DATA SUPPLIED section start

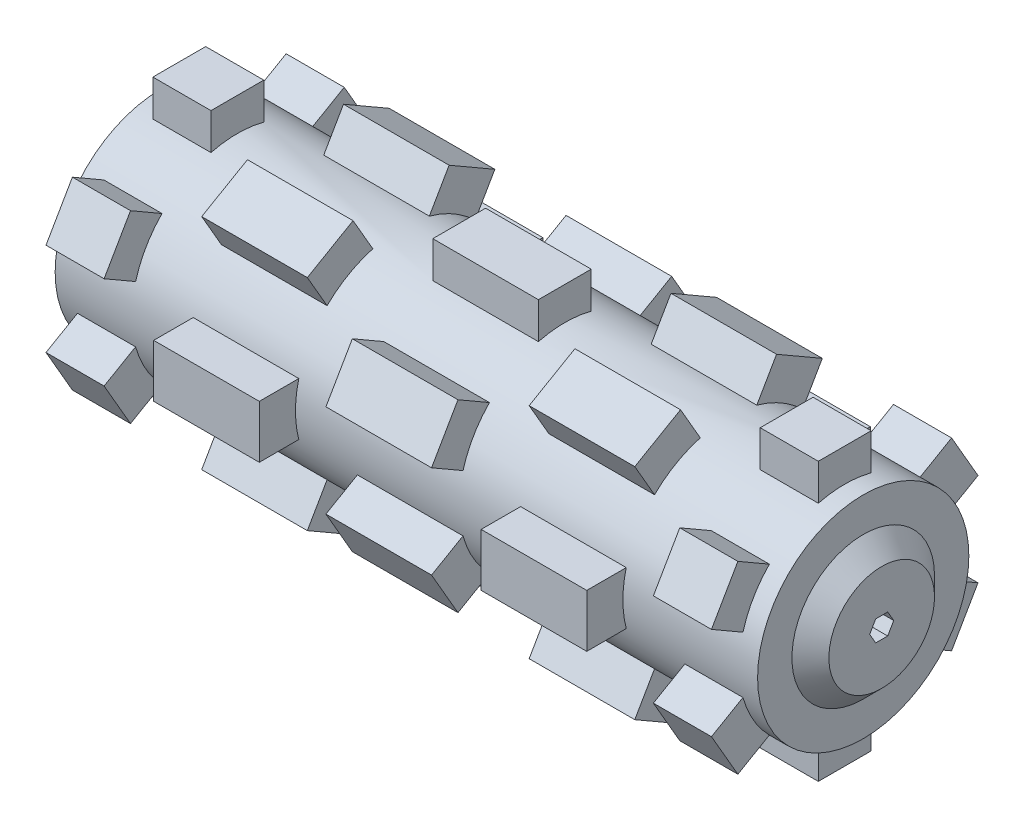
SolidWorks part; units mm, degrees
material "AISI 304"
ref_plane "Front Plane" through (0, 0, 0) normal (0, 0, 1) x (1, 0, 0)
ref_plane "Top Plane" through (0, 0, 0) normal (0, 1, 0) x (1, 0, 0)
ref_plane "Right Plane" through (0, 0, 0) normal (1, 0, 0) x (0, 0, -1)
sketch "Sketch1" plane through (0, 0, 0) normal (1, 0, 0) x (0, 0, -1)
  line L0 (0, -34.925) -> (0, 34.925) construction
  line L1 (-12.7, 66.675) -> (12.7, 66.675)
  line L2 (-12.7, 66.675) -> (-12.7, 34.925)
  line L3 (-12.7, 34.925) -> (12.7, 34.925)
  line L4 (12.7, 66.675) -> (12.7, 34.925)
  line L5 (-12.7, 66.675) -> (12.7, 34.925) construction
  line L6 (-12.7, 34.925) -> (12.7, 66.675) construction
  line L7 (51.3922, 44.336) -> (23.8959, 28.461)
  line L8 (51.3922, 44.336) -> (64.0922, 22.339)
  line L9 (64.0922, 22.339) -> (36.5959, 6.464)
  line L10 (23.8959, 28.461) -> (36.5959, 6.464)
  line L11 (64.0922, -22.339) -> (36.5959, -6.464)
  line L12 (64.0922, -22.339) -> (51.3922, -44.336)
  line L13 (51.3922, -44.336) -> (23.8959, -28.461)
  line L14 (36.5959, -6.464) -> (23.8959, -28.461)
  line L15 (12.7, -66.675) -> (12.7, -34.925)
  line L16 (12.7, -66.675) -> (-12.7, -66.675)
  line L17 (-12.7, -66.675) -> (-12.7, -34.925)
  line L18 (12.7, -34.925) -> (-12.7, -34.925)
  line L19 (-51.3922, -44.336) -> (-23.8959, -28.461)
  line L20 (-51.3922, -44.336) -> (-64.0922, -22.339)
  line L21 (-64.0922, -22.339) -> (-36.5959, -6.464)
  line L22 (-23.8959, -28.461) -> (-36.5959, -6.464)
  line L23 (-64.0922, 22.339) -> (-36.5959, 6.464)
  line L24 (-64.0922, 22.339) -> (-51.3922, 44.336)
  line L25 (-51.3922, 44.336) -> (-23.8959, 28.461)
  line L26 (-36.5959, 6.464) -> (-23.8959, 28.461)
  circle A0 centre (0, 0) radius 50.8
  point P3 (0, 50.8)
  point P10 (0, 0)
  point P14 (0, 0)
  point P34 (0, 0)
  dimension "D1" = 101.6
  dimension "D3" = 25.4
  dimension "D4" = 31.75
  dimension "D2" = 6
extrude "Boss-Extrude3" add sketch "Sketch1" along normal blind 50.8 contours A0 | L2 L1 L4 L3 | L23 L26 L25 L24 | L19 L22 L21 L20 | L15 L18 L17 L16 | L11 L14 L13 L12 | L7 L10 L9 L8
sketch "Sketch2" plane through (50.8, 0, 0) normal (1, 0, 0) x (0, 0, -1)
  circle A0 centre (0, 0) radius 50.8
extrude "Boss-Extrude4" add sketch "Sketch2" along normal blind 27.94
sketch "Sketch3" plane through (78.74, 0, 0) normal (1, 0, 0) x (0, 0, -1)
  line L0 (0, 0) -> (12.7, 66.675) construction
  line L1 (12.7, 66.675) -> (12.7, 49.1869) construction
  line L2 (36.4373, 12.7) -> (36.4373, 0)
  line L3 (51.3922, 44.336) -> (0, 0) construction
  line L4 (34.0936, 59.0519) -> (0, 0) construction
  line L5 (18.2186, 31.5556) -> (29.2172, 25.2056)
  line L6 (29.2172, 25.2056) -> (45.0922, 52.7019)
  line L7 (45.0922, 52.7019) -> (23.0951, 65.4019)
  line L8 (23.0951, 65.4019) -> (7.2201, 37.9056)
  line L9 (7.2201, 37.9056) -> (18.2186, 31.5556)
  line L10 (36.4373, 0) -> (36.4373, -12.7)
  line L11 (36.4373, -12.7) -> (68.1873, -12.7)
  line L12 (68.1873, -12.7) -> (68.1873, 12.7)
  line L13 (68.1873, 12.7) -> (36.4373, 12.7)
  line L14 (29.2172, -25.2056) -> (18.2186, -31.5556)
  line L15 (18.2186, -31.5556) -> (7.2201, -37.9056)
  line L16 (7.2201, -37.9056) -> (23.0951, -65.4019)
  line L17 (23.0951, -65.4019) -> (45.0922, -52.7019)
  line L18 (45.0922, -52.7019) -> (29.2172, -25.2056)
  line L19 (-7.2201, -37.9056) -> (-18.2186, -31.5556)
  line L20 (-18.2186, -31.5556) -> (-29.2172, -25.2056)
  line L21 (-29.2172, -25.2056) -> (-45.0922, -52.7019)
  line L22 (-45.0922, -52.7019) -> (-23.0951, -65.4019)
  line L23 (-23.0951, -65.4019) -> (-7.2201, -37.9056)
  line L24 (-36.4373, -12.7) -> (-36.4373, 0)
  line L25 (-36.4373, 0) -> (-36.4373, 12.7)
  line L26 (-36.4373, 12.7) -> (-68.1873, 12.7)
  line L27 (-68.1873, 12.7) -> (-68.1873, -12.7)
  line L28 (-68.1873, -12.7) -> (-36.4373, -12.7)
  line L29 (-29.2172, 25.2056) -> (-18.2186, 31.5556)
  line L30 (-18.2186, 31.5556) -> (-7.2201, 37.9056)
  line L31 (-7.2201, 37.9056) -> (-23.0951, 65.4019)
  line L32 (-23.0951, 65.4019) -> (-45.0922, 52.7019)
  line L33 (-45.0922, 52.7019) -> (-29.2172, 25.2056)
  circle A0 centre (0, 0) radius 50.8
  circle A1 centre (0, 0) radius 67.8737 construction
  point P44 (0, 0)
  dimension "D1" = 31.75
  dimension "D2" = 25.4
  dimension "D3" = 6
extrude "Boss-Extrude5" add sketch "Sketch3" along normal blind 50.8 contours A0 | L24 L25 L26 L27 L28 | L29 L30 L31 L32 L33 | L9 L5 L6 L7 L8 | L2 L10 L11 L12 L13 | L14 L15 L16 L17 L18 | L19 L20 L21 L22 L23
sketch "Sketch4" plane through (129.54, 0, 0) normal (1, 0, 0) x (0, 0, -1)
  circle A0 centre (0, 0) radius 50.8
extrude "Boss-Extrude6" add sketch "Sketch4" along normal blind 27.94
sketch "Sketch5" plane through (157.48, 0, 0) normal (1, 0, 0) x (0, 0, -1)
  line L0 (12.7, 66.675) -> (12.7, 49.1869) construction
  line L1 (-12.7, 66.675) -> (12.7, 66.675)
  line L2 (-12.7, 66.675) -> (-12.7, 34.925)
  line L3 (-12.7, 34.925) -> (12.7, 34.925)
  line L4 (12.7, 66.675) -> (12.7, 34.925)
  line L5 (51.3922, 44.336) -> (23.8959, 28.461)
  line L6 (51.3922, 44.336) -> (64.0922, 22.339)
  line L7 (64.0922, 22.339) -> (36.5959, 6.464)
  line L8 (23.8959, 28.461) -> (36.5959, 6.464)
  line L9 (64.0922, -22.339) -> (36.5959, -6.464)
  line L10 (64.0922, -22.339) -> (51.3922, -44.336)
  line L11 (51.3922, -44.336) -> (23.8959, -28.461)
  line L12 (36.5959, -6.464) -> (23.8959, -28.461)
  line L13 (12.7, -66.675) -> (12.7, -34.925)
  line L14 (12.7, -66.675) -> (-12.7, -66.675)
  line L15 (-12.7, -66.675) -> (-12.7, -34.925)
  line L16 (12.7, -34.925) -> (-12.7, -34.925)
  line L17 (-51.3922, -44.336) -> (-23.8959, -28.461)
  line L18 (-51.3922, -44.336) -> (-64.0922, -22.339)
  line L19 (-64.0922, -22.339) -> (-36.5959, -6.464)
  line L20 (-23.8959, -28.461) -> (-36.5959, -6.464)
  line L21 (-64.0922, 22.339) -> (-36.5959, 6.464)
  line L22 (-64.0922, 22.339) -> (-51.3922, 44.336)
  line L23 (-51.3922, 44.336) -> (-23.8959, 28.461)
  line L24 (-36.5959, 6.464) -> (-23.8959, 28.461)
  circle A0 centre (0, 0) radius 50.8
  point P33 (0, 0)
  dimension "D1" = 31.75
  dimension "D2" = 25.4
  dimension "D3" = 6
extrude "Boss-Extrude7" add sketch "Sketch5" along normal blind 27.94 contours A0 | L21 L24 L23 L22 | L2 L1 L4 L3 | L5 L8 L7 L6 | L17 L20 L19 L18 | L13 L16 L15 L14 | L9 L12 L11 L10
sketch "Sketch6" plane through (0, 0, 0) normal (-1, 0, 0) x (0, 0, 1)
  circle A0 centre (0, 0) radius 50.8
extrude "Boss-Extrude8" add sketch "Sketch6" along normal blind 27.94
sketch "Sketch7" plane through (-27.94, 0, 0) normal (-1, 0, 0) x (0, 0, 1)
  line L0 (23.0951, 65.4019) -> (45.0922, 52.7019)
  line L1 (45.0922, 52.7019) -> (29.2172, 25.2056)
  line L2 (29.2172, 25.2056) -> (7.2201, 37.9056)
  line L3 (7.2201, 37.9056) -> (23.0951, 65.4019)
  line L4 (36.4373, 12.7) -> (68.1873, 12.7)
  line L5 (68.1873, 12.7) -> (68.1873, -12.7)
  line L6 (68.1873, -12.7) -> (36.4373, -12.7)
  line L7 (36.4373, -12.7) -> (36.4373, 12.7)
  line L8 (29.2172, -25.2056) -> (45.0922, -52.7019)
  line L9 (45.0922, -52.7019) -> (23.0951, -65.4019)
  line L10 (23.0951, -65.4019) -> (7.2201, -37.9056)
  line L11 (7.2201, -37.9056) -> (29.2172, -25.2056)
  line L12 (-7.2201, -37.9056) -> (-23.0951, -65.4019)
  line L13 (-23.0951, -65.4019) -> (-45.0922, -52.7019)
  line L14 (-45.0922, -52.7019) -> (-29.2172, -25.2056)
  line L15 (-29.2172, -25.2056) -> (-7.2201, -37.9056)
  line L16 (-36.4373, -12.7) -> (-68.1873, -12.7)
  line L17 (-68.1873, -12.7) -> (-68.1873, 12.7)
  line L18 (-68.1873, 12.7) -> (-36.4373, 12.7)
  line L19 (-36.4373, 12.7) -> (-36.4373, -12.7)
  line L20 (-29.2172, 25.2056) -> (-45.0922, 52.7019)
  line L21 (-45.0922, 52.7019) -> (-23.0951, 65.4019)
  line L22 (-23.0951, 65.4019) -> (-7.2201, 37.9056)
  line L23 (-7.2201, 37.9056) -> (-29.2172, 25.2056)
  circle A0 centre (0, 0) radius 50.8
  point P28 (0, 0)
  dimension "D1" = 25.4
  dimension "D2" = 31.75
  dimension "D3" = 6
extrude "Boss-Extrude9" add sketch "Sketch7" along normal blind 50.8 contours L3 L0 L1 L2 | L20 L21 L22 L23 | A0 | L16 L17 L18 L19 | L12 L13 L14 L15 | L8 L9 L10 L11 | L4 L5 L6 L7
sketch "Sketch8" plane through (-78.74, 0, 0) normal (-1, 0, 0) x (0, 0, 1)
  circle A0 centre (0, 0) radius 50.8
extrude "Boss-Extrude10" add sketch "Sketch8" along normal blind 27.94
sketch "Sketch9" plane through (-106.68, 0, 0) normal (-1, 0, 0) x (0, 0, 1)
  line L0 (12.7, 66.675) -> (12.7, 49.1869) construction
  line L1 (-12.7, 66.675) -> (12.7, 66.675)
  line L2 (-12.7, 66.675) -> (-12.7, 34.925)
  line L3 (-12.7, 34.925) -> (12.7, 34.925)
  line L4 (12.7, 66.675) -> (12.7, 34.925)
  line L5 (51.3922, 44.336) -> (23.8959, 28.461)
  line L6 (51.3922, 44.336) -> (64.0922, 22.339)
  line L7 (64.0922, 22.339) -> (36.5959, 6.464)
  line L8 (23.8959, 28.461) -> (36.5959, 6.464)
  line L9 (64.0922, -22.339) -> (36.5959, -6.464)
  line L10 (64.0922, -22.339) -> (51.3922, -44.336)
  line L11 (51.3922, -44.336) -> (23.8959, -28.461)
  line L12 (36.5959, -6.464) -> (23.8959, -28.461)
  line L13 (12.7, -66.675) -> (12.7, -34.925)
  line L14 (12.7, -66.675) -> (-12.7, -66.675)
  line L15 (-12.7, -66.675) -> (-12.7, -34.925)
  line L16 (12.7, -34.925) -> (-12.7, -34.925)
  line L17 (-51.3922, -44.336) -> (-23.8959, -28.461)
  line L18 (-51.3922, -44.336) -> (-64.0922, -22.339)
  line L19 (-64.0922, -22.339) -> (-36.5959, -6.464)
  line L20 (-23.8959, -28.461) -> (-36.5959, -6.464)
  line L21 (-64.0922, 22.339) -> (-36.5959, 6.464)
  line L22 (-64.0922, 22.339) -> (-51.3922, 44.336)
  line L23 (-51.3922, 44.336) -> (-23.8959, 28.461)
  line L24 (-36.5959, 6.464) -> (-23.8959, 28.461)
  circle A0 centre (0, 0) radius 50.8
  point P33 (0, 0)
  dimension "D1" = 31.75
  dimension "D2" = 25.4
  dimension "D3" = 6
extrude "Boss-Extrude11" add sketch "Sketch9" along normal blind 27.94 contours A0 | L21 L24 L23 L22 | L17 L20 L19 L18 | L13 L16 L15 L14 | L9 L12 L11 L10 | L5 L8 L7 L6 | L2 L1 L4 L3
sketch "Sketch10" plane through (185.42, 0, 0) normal (1, 0, 0) x (0, 0, -1)
  circle A0 centre (0, 0) radius 50.8
extrude "Boss-Extrude12" add sketch "Sketch10" along normal blind 8.89
sketch "Sketch11" plane through (-134.62, 0, 0) normal (-1, 0, 0) x (0, 0, 1)
  circle A0 centre (0, 0) radius 50.8
extrude "Boss-Extrude13" add sketch "Sketch11" along normal blind 8.89
sketch "Sketch12" plane through (194.31, 0, 0) normal (1, 0, 0) x (0, 0, -1)
  circle A1 centre (0, 0) radius 25.4
  dimension "D2" = 50.8
extrude "Boss-Extrude14" add sketch "Sketch12" along normal blind 8.89
sketch "Sketch13" plane through (-143.51, 0, 0) normal (-1, 0, 0) x (0, 0, 1)
  circle A0 centre (0, 0) radius 25.4
  dimension "D1" = 50.8
extrude "Boss-Extrude15" add sketch "Sketch13" along normal blind 8.89
sketch "Sketch14" plane through (-152.4, 0, 0) normal (-1, 0, 0) x (0, 0, 1)
  line L1 (5.7735, 0) -> (2.8868, 5)
  line L2 (2.8868, 5) -> (-2.8868, 5)
  line L3 (-2.8868, 5) -> (-5.7735, 0)
  line L4 (-5.7735, 0) -> (-2.8868, -5)
  line L5 (-2.8868, -5) -> (2.8868, -5)
  line L6 (2.8868, -5) -> (5.7735, 0)
  circle A0 centre (0, 0) radius 5
  circle A1 centre (0, 0) radius 5 construction
  dimension "D1" = 10
extrude "Cut-Extrude1" cut sketch "Sketch14" against normal through all contours A0 L3 L4 | A0 | A0 L2 L3 | A0 L1 L2 | A0 L6 L1 | A0 L5 L6 | A0 L4 L5 region at (-152.4, 0, 5.1678) region at (-152.4, 4.4755, 2.5839) region at (-152.4, 0, 0) region at (-152.4, -4.4755, 2.5839) region at (-152.4, 4.4755, -2.5839) region at (-152.4, -4.4755, -2.5839) region at (-152.4, 0, -5.1678)
chamfer "Chamfer3" distance 8.89 angle 45 2 edges at (-143.51, 0, 25.4) (194.31, 0, -25.4)

DATA SUPPLIED section end

Scan the records for the word "point", and copy each line where it is found.

▸ TASK RESULT
  point P3 (0, 50.8)
  point P10 (0, 0)
  point P14 (0, 0)
  point P34 (0, 0)
  point P44 (0, 0)
  point P33 (0, 0)
  point P28 (0, 0)
  point P33 (0, 0)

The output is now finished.